There’s also a big difference in support available. GFDL doesn’t have the resources to support external users (particularly ambitious attempts to port the code). In contrast, NCAR has extensive support for the CCSM, because they have made community building an explicit goal. Hence, CCSM is much more like an open source project. Which sounds great, but it also comes at a cost. NCAR have to devote significant resources to supporting the community. And making the model open and flexible (for use by a broader community) hampers their ability to get the latest science into the model quickly. Which leads me to hypothesize that it is the diversity of your user-base that most restricts the ongoing rate of evolution of a software system. For a climate modeling centers like GFDL, if you don’t have to worry about developing for multiple platforms and diverse users, you can get new ideas into the model much quicker.

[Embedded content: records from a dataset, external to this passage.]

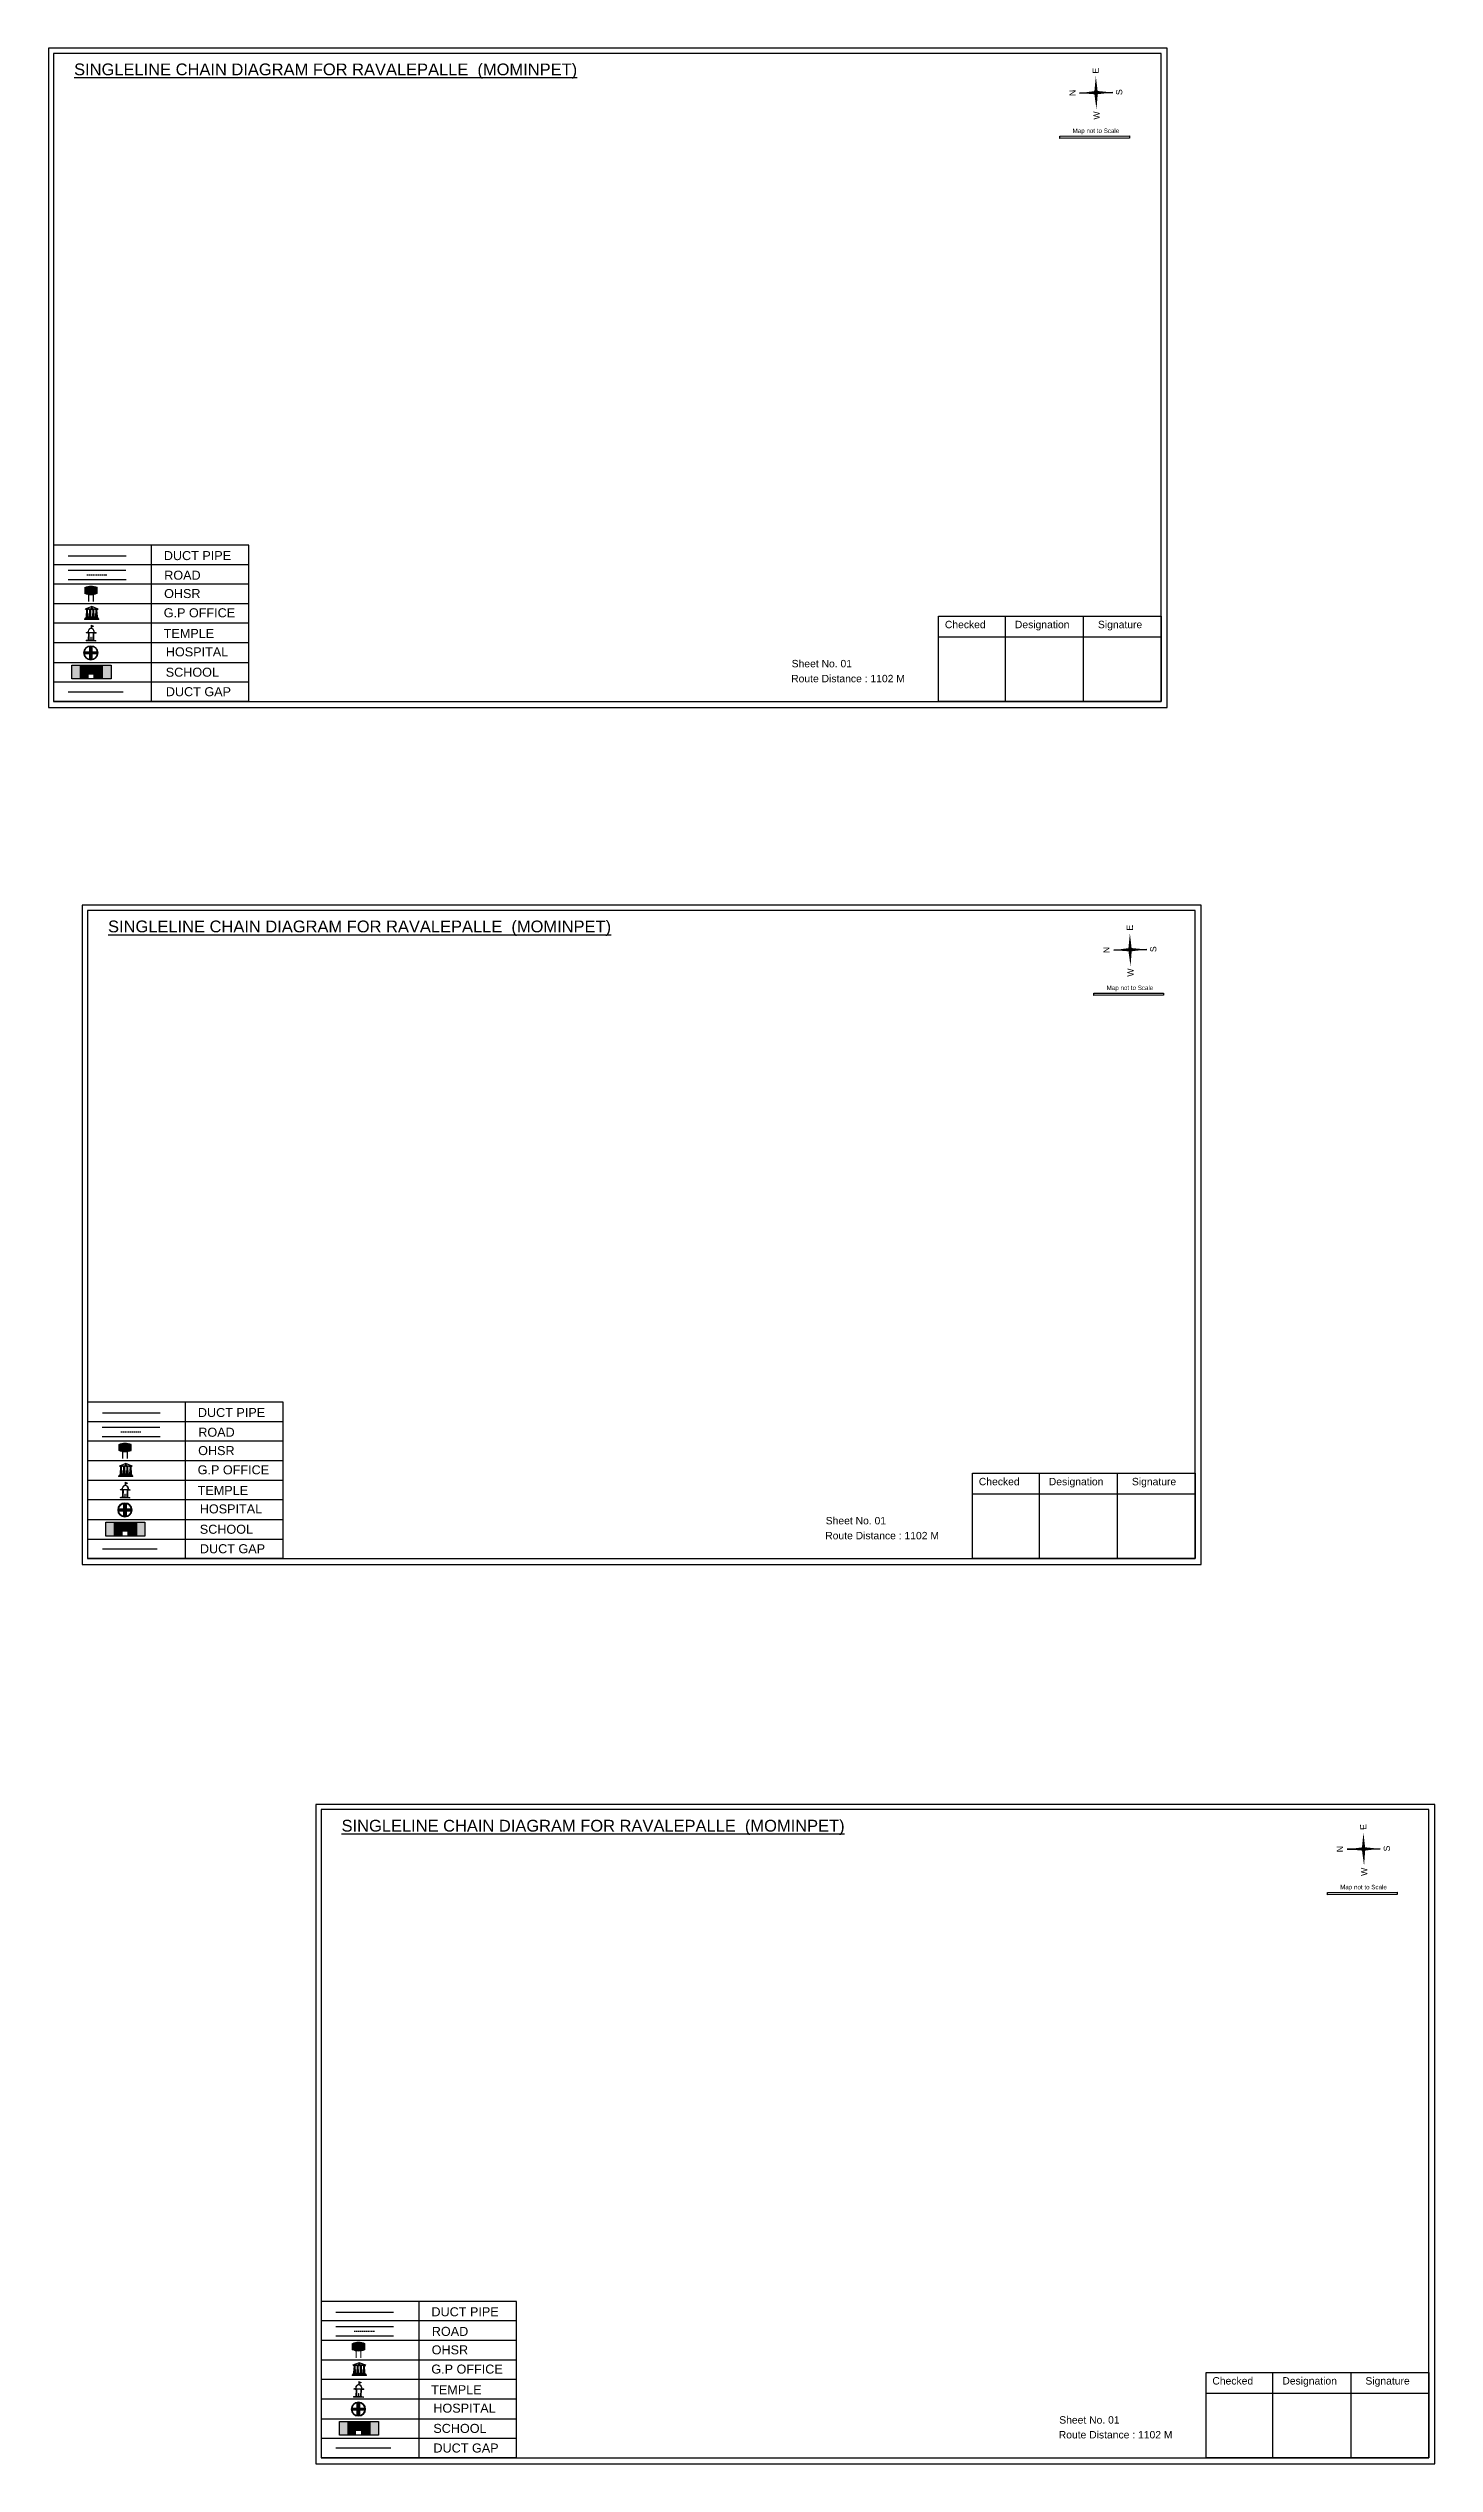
# Model space of a CAD drawing. Header units: inches. Extents: x -117 to 51867, y -12715 to 3423.
# Drawn here: x 35783 to 36886, y -10334 to -8412 of the extents above; entities that cross this region are included whole.
import ezdxf

# ---------------------------------------------------------------- set-up
doc = ezdxf.new("R2010")
doc.units = ezdxf.units.IN
doc.header["$MEASUREMENT"] = 0
doc.linetypes.add('DASHEDX2', pattern=[1.5, 1, -0.5])
doc.layers.add('LANDMARK', color=7, linetype='Continuous')
doc.layers.add('OHT', color=7, linetype='Continuous')
doc.styles.get("Standard").update_dxf_attribs({"font": 'arial.ttf'})

# ---------------------------------------------------------------- blocks, each defined once
blk = doc.blocks.new('OHT')
at = {"linetype": 'Continuous', "lineweight": 0, "true_color": 0x0ffffc}
blk.add_hatch(color=4, dxfattribs=at).paths.add_polyline_path([(0.01, 1), (0, 1, 0.101323), (-0.4, 0.92), (-0.4, 0.52, 0.194075), (0.4, 0.52), (0.4, 0.92, 0.097877)])
at = {"color": 4, "linetype": 'Continuous', "lineweight": 0, "true_color": 0x0ffffc, "flags": 128}
for points in [[(-0.4, 0.52), (-0.4, 0.92)], [(0.4, 0.52), (0.4, 0.92)]]:
    blk.add_lwpolyline(points, dxfattribs=at)
at = {"color": 4, "linetype": 'Continuous', "lineweight": 0, "true_color": 0x0ffffc, "const_width": 0.075, "flags": 128}
for points in [[(-0.15, 0), (-0.15, 0.48)], [(0.15, 0), (0.15, 0.47)]]:
    blk.add_lwpolyline(points, dxfattribs=at)
at = {"color": 4, "linetype": 'Continuous', "lineweight": 0, "true_color": 0x0ffffc}
for centre, radius, start, end in [((0.01, -0.02), 1.02, 67.3109, 113.4711), ((0, 1.51), 1.07, 247.7682, 291.7007)]:
    blk.add_arc(centre, radius, start, end, dxfattribs=at)
blk = doc.blocks.new('Government_Office')
at = {"linetype": 'Continuous', "lineweight": 0, "true_color": 0xff0000}
for points in [[(-0.5, 0.05), (0.5, 0.05), (0.5, 0), (-0.5, 0)], [(-0.45, 0.08), (-0.45, 0.12), (0.45, 0.12), (0.45, 0.08)], [(-0.4, 0.14), (-0.4, 0.18), (0.4, 0.18), (0.4, 0.14)]]:
    blk.add_hatch(color=1, dxfattribs=at).paths.add_polyline_path(points)
h = blk.add_hatch(color=1, dxfattribs=at)
h.paths.add_polyline_path([(0.44, 0.72), (0.45, 0.75), (0, 0.93), (-0.45, 0.75), (-0.44, 0.72)])
h.paths.add_polyline_path([(0.36, 0.75), (-0.36, 0.75), (0, 0.9)], flags=16)
h.paths.add_polyline_path([(0, 0.78, -1), (0, 0.87, -1)], flags=0)
h = blk.add_hatch(color=1, dxfattribs=at)
edge = h.paths.add_edge_path()
edge.add_line((-0.27, 0.2), (-0.3, 0.68))
edge.add_line((-0.3, 0.68), (-0.29, 0.68))
edge.add_arc((-0.28, 0.69), 0.0176, 225.304, 441.5659)
edge.add_line((-0.28, 0.7), (-0.39, 0.7))
edge.add_arc((-0.39, 0.69), 0.0176, 98.4341, 314.696)
edge.add_line((-0.38, 0.68), (-0.37, 0.68))
edge.add_line((-0.37, 0.68), (-0.4, 0.2))
edge.add_line((-0.4, 0.2), (-0.27, 0.2))
h = blk.add_hatch(color=1, dxfattribs=at)
edge = h.paths.add_edge_path()
edge.add_line((-0.05, 0.2), (-0.07, 0.68))
edge.add_line((-0.07, 0.68), (-0.07, 0.68))
edge.add_arc((-0.05, 0.69), 0.0176, 225.304, 441.5659)
edge.add_line((-0.05, 0.7), (-0.17, 0.7))
edge.add_arc((-0.17, 0.69), 0.0176, 98.4341, 314.696)
edge.add_line((-0.16, 0.68), (-0.15, 0.68))
edge.add_line((-0.15, 0.68), (-0.18, 0.2))
edge.add_line((-0.18, 0.2), (-0.05, 0.2))
h = blk.add_hatch(color=1, dxfattribs=at)
edge = h.paths.add_edge_path()
edge.add_arc((0, 0.83), 0.0467, 90, 270)
edge.add_arc((0, 0.83), 0.0467, 270, 450)
h = blk.add_hatch(color=1, dxfattribs=at)
edge = h.paths.add_edge_path()
edge.add_line((0.18, 0.2), (0.15, 0.68))
edge.add_line((0.15, 0.68), (0.16, 0.68))
edge.add_arc((0.17, 0.69), 0.0176, 225.304, 441.5659)
edge.add_line((0.17, 0.7), (0.05, 0.7))
edge.add_arc((0.05, 0.69), 0.0176, 98.4341, 314.696)
edge.add_line((0.07, 0.68), (0.07, 0.68))
edge.add_line((0.07, 0.68), (0.05, 0.2))
edge.add_line((0.05, 0.2), (0.18, 0.2))
h = blk.add_hatch(color=1, dxfattribs=at)
edge = h.paths.add_edge_path()
edge.add_line((0.4, 0.2), (0.37, 0.68))
edge.add_line((0.37, 0.68), (0.38, 0.68))
edge.add_arc((0.39, 0.69), 0.0176, 225.304, 441.5659)
edge.add_line((0.4, 0.7), (0.28, 0.7))
edge.add_arc((0.28, 0.69), 0.0176, 98.4341, 314.696)
edge.add_line((0.29, 0.68), (0.3, 0.68))
edge.add_line((0.3, 0.68), (0.27, 0.2))
edge.add_line((0.27, 0.2), (0.4, 0.2))
at = {"color": 1, "linetype": 'Continuous', "lineweight": 0, "true_color": 0xff0000, "flags": 128}
for points in [[(-0.5, 0.05), (0.5, 0.05), (0.5, 0), (-0.5, 0)], [(-0.45, 0.75), (-0.44, 0.72), (0.44, 0.72), (0.45, 0.75), (0, 0.93)], [(-0.45, 0.08), (-0.45, 0.12), (0.45, 0.12), (0.45, 0.08)], [(-0.4, 0.14), (-0.4, 0.18), (0.4, 0.18), (0.4, 0.14)], [(-0.36, 0.75), (0.36, 0.75), (0, 0.9)]]:
    blk.add_lwpolyline(points, close=True, dxfattribs=at)
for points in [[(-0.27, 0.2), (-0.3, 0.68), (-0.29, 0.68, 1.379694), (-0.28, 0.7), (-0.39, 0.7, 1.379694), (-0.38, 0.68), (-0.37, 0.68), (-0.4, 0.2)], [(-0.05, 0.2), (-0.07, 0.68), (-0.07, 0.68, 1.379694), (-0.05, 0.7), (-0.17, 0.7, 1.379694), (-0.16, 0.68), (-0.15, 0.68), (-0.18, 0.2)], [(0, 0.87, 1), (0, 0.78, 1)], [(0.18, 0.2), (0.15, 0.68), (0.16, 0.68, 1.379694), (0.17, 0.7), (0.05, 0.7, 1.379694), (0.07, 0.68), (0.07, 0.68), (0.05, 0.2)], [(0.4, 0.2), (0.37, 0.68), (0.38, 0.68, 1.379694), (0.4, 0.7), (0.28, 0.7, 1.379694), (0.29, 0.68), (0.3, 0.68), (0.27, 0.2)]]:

Which brings me to a similar discussion over the choice of weather prediction models in the UK. Bryan recently posted an article about the choice between WRF (NCAR’s mesoscale weather model) versus the UM (the UK Met Office’s model). Alan posted a lengthy response which echoes much of what I said above (but with much more detail): basically the WRF is well supported and flexible for a diverse community. The UM has many advantages (particularly speed), but is basically unsupported outside the Met Office. He concludes that someone should re-write the UM to run on other hardware (specifically massively parallel machines), and presumably set up the kind of community support that NCAR has. But funding for this seems unlikely.